## Rate 1st Order Rxn

$\frac{d[R]}{dt}=-k[R]; \ln [R]=-kt + \ln [R]_{0}; t_{\frac{1}{2}}=\frac{0.693}{k}$

Christina_F_3F
Posts: 21
Joined: Fri Jul 22, 2016 3:00 am

### Rate 1st Order Rxn

The equation for the rate of a first order reaction is k [A] = k [A](naught)e^-kt

I was just wondering if there is a difference between the two k values on the right side of the equation?
Does the k being multiplied by [A] have a different meaning/value than the one in e^-kt?

Julia Nakamura 2D
Posts: 33
Joined: Wed Sep 21, 2016 2:57 pm

### Re: Rate 1st Order Rxn

The rate law for a first order reaction is k[A]. However, the integrated rate law is ln[A]= -kt + ln[A]naught, which means that there is only one value for k in the integrated rate law.

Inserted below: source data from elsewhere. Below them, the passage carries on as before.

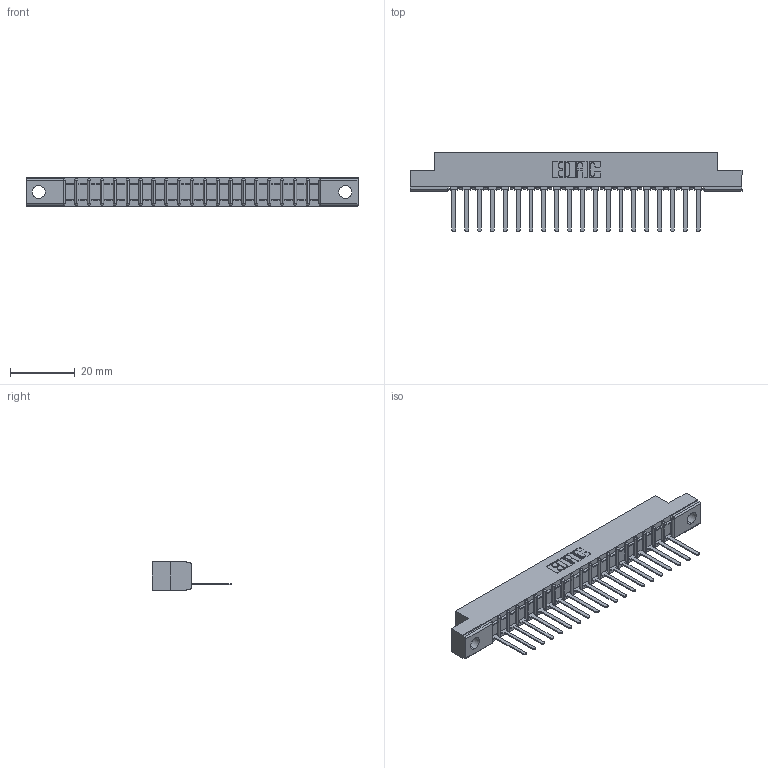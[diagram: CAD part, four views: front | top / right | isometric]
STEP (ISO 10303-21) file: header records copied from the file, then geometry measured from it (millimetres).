
FILE_DESCRIPTION (( 'STEP AP203' ), '1' );
FILE_NAME ('307-020-441-102.STEP', '2020-09-27T02:47:19', ( '' ), ( '' ), 'SwSTEP 2.0', 'SolidWorks 2020', '' );
FILE_SCHEMA (( 'CONFIG_CONTROL_DESIGN' ));
Length unit declared in the file: inch
Products named in the file (3): 307-020-441-102; 307-290-002_541; 307 Part_.128 Dia Mounting Holes
Assembly tree (21 placements, depth 2):
  307-020-441-102
    307 Part_.128 Dia Mounting Holes
    307-290-002_541  x20
Bounding box: 102.26 x 24.59 x 8.71 mm (x, y, z)
Volume: 6718.6 mm3; surface area: 12297.8 mm2
Topology: 21 solids, 21 shells, 1619 faces, 4963 edges, 3250 vertices
Faces by surface type: plane 970, cylinder 607, sphere 42
Entity records: 20578 total; most frequent: CARTESIAN_POINT 3468, ORIENTED_EDGE 3458, DIRECTION 3379, EDGE_CURVE 1729, LINE 1313, VECTOR 1313, VERTEX_POINT 1122, AXIS2_PLACEMENT_3D 1033

It looks like you may have just mixed up the equations.

Christina_F_3F
Posts: 21
Joined: Fri Jul 22, 2016 3:00 am

### Re: Rate 1st Order Rxn

Whoops, I did mean the integrated rate law.
On page 64 of the course reader, ln [A] = -kt + ln [A]naught is then exponentiated and reads "RATE 1ST ORDER RXN = k[A] = k [A]naught e^-kt. So I was just curious if the k value that is next to [A] and the one that is being expoentiated are the same/represent the same thing.

Tiffany_Hoang_3C
Posts: 20
Joined: Wed Sep 21, 2016 2:59 pm

### Re: Rate 1st Order Rxn

Yes, k is the rate constant so they are both the same. k[A] = k[A]oe-kt is not meant to be seen as an equation, but rather as two different ways to express the rate of a 1st order reaction.